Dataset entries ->
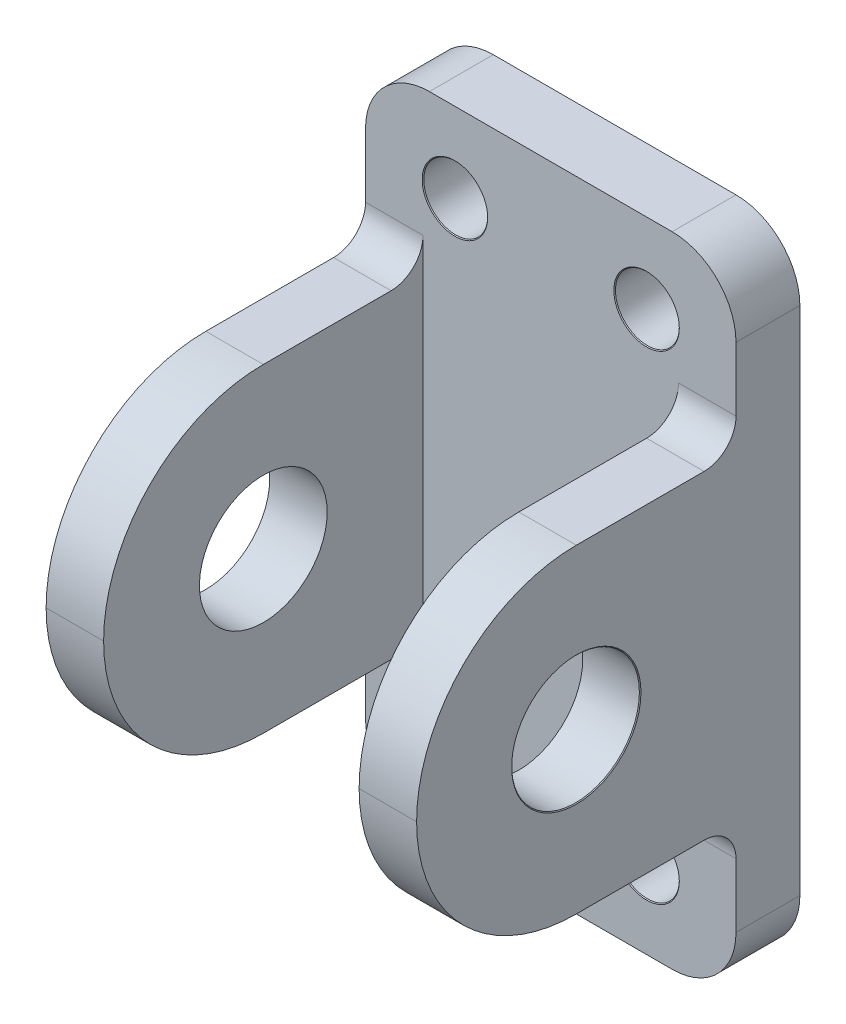
from build123d import *

# Parameters (mm, degrees)
SKETCH1_W                       = 20
SKETCH1_H                       = 11.6
BOSS_EXTRUDE1_DEPTH             = 2
SKETCH2_W                       = 10
SKETCH2_H                       = 1.8
BOSS_EXTRUDE2_DEPTH             = 10
FILLET1_R                       = 5
F_4_0MM_DOWEL_HOLE1_D           = 4
F_4_0MM_DOWEL_HOLE1_CSINK_D     = 4.05
F_4_0MM_DOWEL_HOLE1_CSINK_ANGLE = 90
F_2_0MM_DOWEL_HOLE1_D           = 2
F_2_0MM_DOWEL_HOLE1_CSINK_D     = 2.05
F_2_0MM_DOWEL_HOLE1_CSINK_ANGLE = 90
FILLET2_R                       = 2
FILLET3_R                       = 1


with BuildPart() as part:
    # Sketch1 → Boss-Extrude1 (new body)
    with BuildSketch(Plane(origin=(0, 0, 0), x_dir=(0, 1, 0), z_dir=(0, 0, 1))):
        Rectangle(SKETCH1_W, SKETCH1_H)
    extrude(amount=-BOSS_EXTRUDE1_DEPTH)

    # Sketch2 → Boss-Extrude2 (add)
    with BuildSketch(Plane(origin=(0, 0, 0), x_dir=(0, 1, 0), z_dir=(0, 0, 1))):
        with Locations((0, 4.9)):
            Rectangle(SKETCH2_W, SKETCH2_H)
        with Locations((0, -4.9)):
            Rectangle(SKETCH2_W, SKETCH2_H)
    extrude(amount=BOSS_EXTRUDE2_DEPTH)

    # Fillet1
    fillet1_edges = [part.edges().sort_by_distance(p)[0] for p in [
        (4.9, 5, 10),
        (4.9, -5, 10),
        (-4.9, 5, 10),
        (-4.9, -5, 10),
    ]]
    fillet(fillet1_edges, radius=FILLET1_R - 0.0001)  # a hair under: the kernel refuses the full size

    # Ø4.0mm Dowel Hole1 (through all)
    with Locations(Plane.YZ.offset(5.8)):
        with Locations((0, 5)):
            CounterSinkHole(F_4_0MM_DOWEL_HOLE1_D / 2, F_4_0MM_DOWEL_HOLE1_CSINK_D / 2, counter_sink_angle=F_4_0MM_DOWEL_HOLE1_CSINK_ANGLE)

    # Ø2.0mm Dowel Hole1 (through all)
    with Locations(Plane(origin=(0, 0, 0), x_dir=(0, 1, 0), z_dir=(0, 0, 1))):
        with Locations((7.5, -3), (-7.5, 3), (-7.5, -3), (7.5, 3)):
            CounterSinkHole(F_2_0MM_DOWEL_HOLE1_D / 2, F_2_0MM_DOWEL_HOLE1_CSINK_D / 2, counter_sink_angle=F_2_0MM_DOWEL_HOLE1_CSINK_ANGLE)

    # Fillet2
    fillet2_edges = [part.edges().sort_by_distance(p)[0] for p in [
        (-5.8, -10, -1),
        (-5.8, 10, -1),
        (5.8, 10, -1),
        (5.8, -10, -1),
    ]]
    fillet(fillet2_edges, radius=FILLET2_R)

    # Fillet3
    fillet3_edges = [part.edges().sort_by_distance(p)[0] for p in [
        (-4.9, -5, 0),
        (-4.9, 5, 0),
        (4.9, -5, 0),
        (4.9, 5, 0),
    ]]
    fillet(fillet3_edges, radius=FILLET3_R)


solid = part.part

What is expected -> An exact reproduction of the data is needed, with no pictures included.

Answer space ->
from build123d import *

# Parameters (mm, degrees)
SKETCH1_W                       = 20
SKETCH1_H                       = 11.6
BOSS_EXTRUDE1_DEPTH             = 2
SKETCH2_W                       = 10
SKETCH2_H                       = 1.8
BOSS_EXTRUDE2_DEPTH             = 10
FILLET1_R                       = 5
F_4_0MM_DOWEL_HOLE1_D           = 4
F_4_0MM_DOWEL_HOLE1_CSINK_D     = 4.05
F_4_0MM_DOWEL_HOLE1_CSINK_ANGLE = 90
F_2_0MM_DOWEL_HOLE1_D           = 2
F_2_0MM_DOWEL_HOLE1_CSINK_D     = 2.05
F_2_0MM_DOWEL_HOLE1_CSINK_ANGLE = 90
FILLET2_R                       = 2
FILLET3_R                       = 1


with BuildPart() as part:
    # Sketch1 → Boss-Extrude1 (new body)
    with BuildSketch(Plane(origin=(0, 0, 0), x_dir=(0, 1, 0), z_dir=(0, 0, 1))):
        Rectangle(SKETCH1_W, SKETCH1_H)
    extrude(amount=-BOSS_EXTRUDE1_DEPTH)

    # Sketch2 → Boss-Extrude2 (add)
    with BuildSketch(Plane(origin=(0, 0, 0), x_dir=(0, 1, 0), z_dir=(0, 0, 1))):
        with Locations((0, 4.9)):
            Rectangle(SKETCH2_W, SKETCH2_H)
        with Locations((0, -4.9)):
            Rectangle(SKETCH2_W, SKETCH2_H)
    extrude(amount=BOSS_EXTRUDE2_DEPTH)

    # Fillet1
    fillet1_edges = [part.edges().sort_by_distance(p)[0] for p in [
        (4.9, 5, 10),
        (4.9, -5, 10),
        (-4.9, 5, 10),
        (-4.9, -5, 10),
    ]]
    fillet(fillet1_edges, radius=FILLET1_R - 0.0001)  # a hair under: the kernel refuses the full size

    # Ø4.0mm Dowel Hole1 (through all)
    with Locations(Plane.YZ.offset(5.8)):
        with Locations((0, 5)):
            CounterSinkHole(F_4_0MM_DOWEL_HOLE1_D / 2, F_4_0MM_DOWEL_HOLE1_CSINK_D / 2, counter_sink_angle=F_4_0MM_DOWEL_HOLE1_CSINK_ANGLE)

    # Ø2.0mm Dowel Hole1 (through all)
    with Locations(Plane(origin=(0, 0, 0), x_dir=(0, 1, 0), z_dir=(0, 0, 1))):
        with Locations((7.5, -3), (-7.5, 3), (-7.5, -3), (7.5, 3)):
            CounterSinkHole(F_2_0MM_DOWEL_HOLE1_D / 2, F_2_0MM_DOWEL_HOLE1_CSINK_D / 2, counter_sink_angle=F_2_0MM_DOWEL_HOLE1_CSINK_ANGLE)

    # Fillet2
    fillet2_edges = [part.edges().sort_by_distance(p)[0] for p in [
        (-5.8, -10, -1),
        (-5.8, 10, -1),
        (5.8, 10, -1),
        (5.8, -10, -1),
    ]]
    fillet(fillet2_edges, radius=FILLET2_R)

    # Fillet3
    fillet3_edges = [part.edges().sort_by_distance(p)[0] for p in [
        (-4.9, -5, 0),
        (-4.9, 5, 0),
        (4.9, -5, 0),
        (4.9, 5, 0),
    ]]
    fillet(fillet3_edges, radius=FILLET3_R)


solid = part.part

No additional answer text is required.